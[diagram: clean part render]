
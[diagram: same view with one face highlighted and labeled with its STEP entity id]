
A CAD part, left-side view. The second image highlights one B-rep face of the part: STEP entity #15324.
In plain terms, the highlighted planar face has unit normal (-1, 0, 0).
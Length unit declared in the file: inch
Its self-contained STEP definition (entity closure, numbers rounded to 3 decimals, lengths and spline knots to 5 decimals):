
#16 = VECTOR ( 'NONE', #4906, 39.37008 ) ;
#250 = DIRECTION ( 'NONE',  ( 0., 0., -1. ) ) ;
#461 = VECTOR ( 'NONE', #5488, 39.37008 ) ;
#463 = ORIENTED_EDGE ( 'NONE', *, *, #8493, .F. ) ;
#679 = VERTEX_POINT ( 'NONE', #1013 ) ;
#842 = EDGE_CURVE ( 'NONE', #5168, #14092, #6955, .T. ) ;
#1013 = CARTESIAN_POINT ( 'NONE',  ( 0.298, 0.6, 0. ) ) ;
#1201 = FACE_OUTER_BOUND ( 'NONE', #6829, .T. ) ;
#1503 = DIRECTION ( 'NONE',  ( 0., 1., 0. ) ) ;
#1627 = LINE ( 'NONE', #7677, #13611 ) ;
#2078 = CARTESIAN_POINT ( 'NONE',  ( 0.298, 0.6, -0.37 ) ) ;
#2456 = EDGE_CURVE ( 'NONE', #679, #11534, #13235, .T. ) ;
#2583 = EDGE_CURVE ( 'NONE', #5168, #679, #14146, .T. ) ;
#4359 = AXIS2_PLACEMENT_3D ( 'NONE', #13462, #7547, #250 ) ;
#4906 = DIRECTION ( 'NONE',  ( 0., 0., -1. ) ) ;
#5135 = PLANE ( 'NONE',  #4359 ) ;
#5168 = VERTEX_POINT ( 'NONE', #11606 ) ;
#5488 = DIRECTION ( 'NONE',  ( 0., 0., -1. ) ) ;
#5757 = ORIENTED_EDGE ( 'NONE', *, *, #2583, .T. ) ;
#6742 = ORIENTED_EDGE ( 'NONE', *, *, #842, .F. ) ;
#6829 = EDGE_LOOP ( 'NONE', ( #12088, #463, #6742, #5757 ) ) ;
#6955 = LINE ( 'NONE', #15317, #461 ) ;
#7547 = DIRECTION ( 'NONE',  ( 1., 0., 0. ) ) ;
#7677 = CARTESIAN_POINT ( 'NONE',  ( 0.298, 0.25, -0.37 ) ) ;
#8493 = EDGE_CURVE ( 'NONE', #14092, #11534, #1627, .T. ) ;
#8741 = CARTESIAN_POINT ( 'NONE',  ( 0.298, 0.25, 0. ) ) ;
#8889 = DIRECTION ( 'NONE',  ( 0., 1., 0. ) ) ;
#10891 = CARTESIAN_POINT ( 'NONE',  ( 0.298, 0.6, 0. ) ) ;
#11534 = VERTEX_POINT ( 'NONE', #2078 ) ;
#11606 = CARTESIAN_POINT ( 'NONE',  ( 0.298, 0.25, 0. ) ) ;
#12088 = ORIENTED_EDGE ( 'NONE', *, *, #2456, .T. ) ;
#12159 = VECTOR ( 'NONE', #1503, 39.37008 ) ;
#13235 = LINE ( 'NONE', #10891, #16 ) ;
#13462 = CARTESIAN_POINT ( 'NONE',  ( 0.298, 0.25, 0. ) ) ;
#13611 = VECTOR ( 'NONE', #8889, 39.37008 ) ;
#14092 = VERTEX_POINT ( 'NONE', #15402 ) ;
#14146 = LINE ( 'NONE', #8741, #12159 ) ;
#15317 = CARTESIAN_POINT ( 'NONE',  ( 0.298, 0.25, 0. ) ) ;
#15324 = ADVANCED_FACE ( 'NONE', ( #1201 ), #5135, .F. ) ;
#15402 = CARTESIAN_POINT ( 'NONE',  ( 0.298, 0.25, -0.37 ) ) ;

[TASK TO CARRY OUT] Having read the entries above, repeat them exactly.

[SOLUTION TO THIS EXERCISE]
[diagram: clean part render]
[diagram: same view with one face highlighted and labeled with its STEP entity id]
A CAD part, left-side view. The second image highlights one B-rep face of the part: STEP entity #15324.
In plain terms, the highlighted planar face has unit normal (-1, 0, 0).
Length unit declared in the file: inch
Its self-contained STEP definition (entity closure, numbers rounded to 3 decimals, lengths and spline knots to 5 decimals):
#16 = VECTOR ( 'NONE', #4906, 39.37008 ) ;
#250 = DIRECTION ( 'NONE',  ( 0., 0., -1. ) ) ;
#461 = VECTOR ( 'NONE', #5488, 39.37008 ) ;
#463 = ORIENTED_EDGE ( 'NONE', *, *, #8493, .F. ) ;
#679 = VERTEX_POINT ( 'NONE', #1013 ) ;
#842 = EDGE_CURVE ( 'NONE', #5168, #14092, #6955, .T. ) ;
#1013 = CARTESIAN_POINT ( 'NONE',  ( 0.298, 0.6, 0. ) ) ;
#1201 = FACE_OUTER_BOUND ( 'NONE', #6829, .T. ) ;
#1503 = DIRECTION ( 'NONE',  ( 0., 1., 0. ) ) ;
#1627 = LINE ( 'NONE', #7677, #13611 ) ;
#2078 = CARTESIAN_POINT ( 'NONE',  ( 0.298, 0.6, -0.37 ) ) ;
#2456 = EDGE_CURVE ( 'NONE', #679, #11534, #13235, .T. ) ;
#2583 = EDGE_CURVE ( 'NONE', #5168, #679, #14146, .T. ) ;
#4359 = AXIS2_PLACEMENT_3D ( 'NONE', #13462, #7547, #250 ) ;
#4906 = DIRECTION ( 'NONE',  ( 0., 0., -1. ) ) ;
#5135 = PLANE ( 'NONE',  #4359 ) ;
#5168 = VERTEX_POINT ( 'NONE', #11606 ) ;
#5488 = DIRECTION ( 'NONE',  ( 0., 0., -1. ) ) ;
#5757 = ORIENTED_EDGE ( 'NONE', *, *, #2583, .T. ) ;
#6742 = ORIENTED_EDGE ( 'NONE', *, *, #842, .F. ) ;
#6829 = EDGE_LOOP ( 'NONE', ( #12088, #463, #6742, #5757 ) ) ;
#6955 = LINE ( 'NONE', #15317, #461 ) ;
#7547 = DIRECTION ( 'NONE',  ( 1., 0., 0. ) ) ;
#7677 = CARTESIAN_POINT ( 'NONE',  ( 0.298, 0.25, -0.37 ) ) ;
#8493 = EDGE_CURVE ( 'NONE', #14092, #11534, #1627, .T. ) ;
#8741 = CARTESIAN_POINT ( 'NONE',  ( 0.298, 0.25, 0. ) ) ;
#8889 = DIRECTION ( 'NONE',  ( 0., 1., 0. ) ) ;
#10891 = CARTESIAN_POINT ( 'NONE',  ( 0.298, 0.6, 0. ) ) ;
#11534 = VERTEX_POINT ( 'NONE', #2078 ) ;
#11606 = CARTESIAN_POINT ( 'NONE',  ( 0.298, 0.25, 0. ) ) ;
#12088 = ORIENTED_EDGE ( 'NONE', *, *, #2456, .T. ) ;
#12159 = VECTOR ( 'NONE', #1503, 39.37008 ) ;
#13235 = LINE ( 'NONE', #10891, #16 ) ;
#13462 = CARTESIAN_POINT ( 'NONE',  ( 0.298, 0.25, 0. ) ) ;
#13611 = VECTOR ( 'NONE', #8889, 39.37008 ) ;
#14092 = VERTEX_POINT ( 'NONE', #15402 ) ;
#14146 = LINE ( 'NONE', #8741, #12159 ) ;
#15317 = CARTESIAN_POINT ( 'NONE',  ( 0.298, 0.25, 0. ) ) ;
#15324 = ADVANCED_FACE ( 'NONE', ( #1201 ), #5135, .F. ) ;
#15402 = CARTESIAN_POINT ( 'NONE',  ( 0.298, 0.25, -0.37 ) ) ;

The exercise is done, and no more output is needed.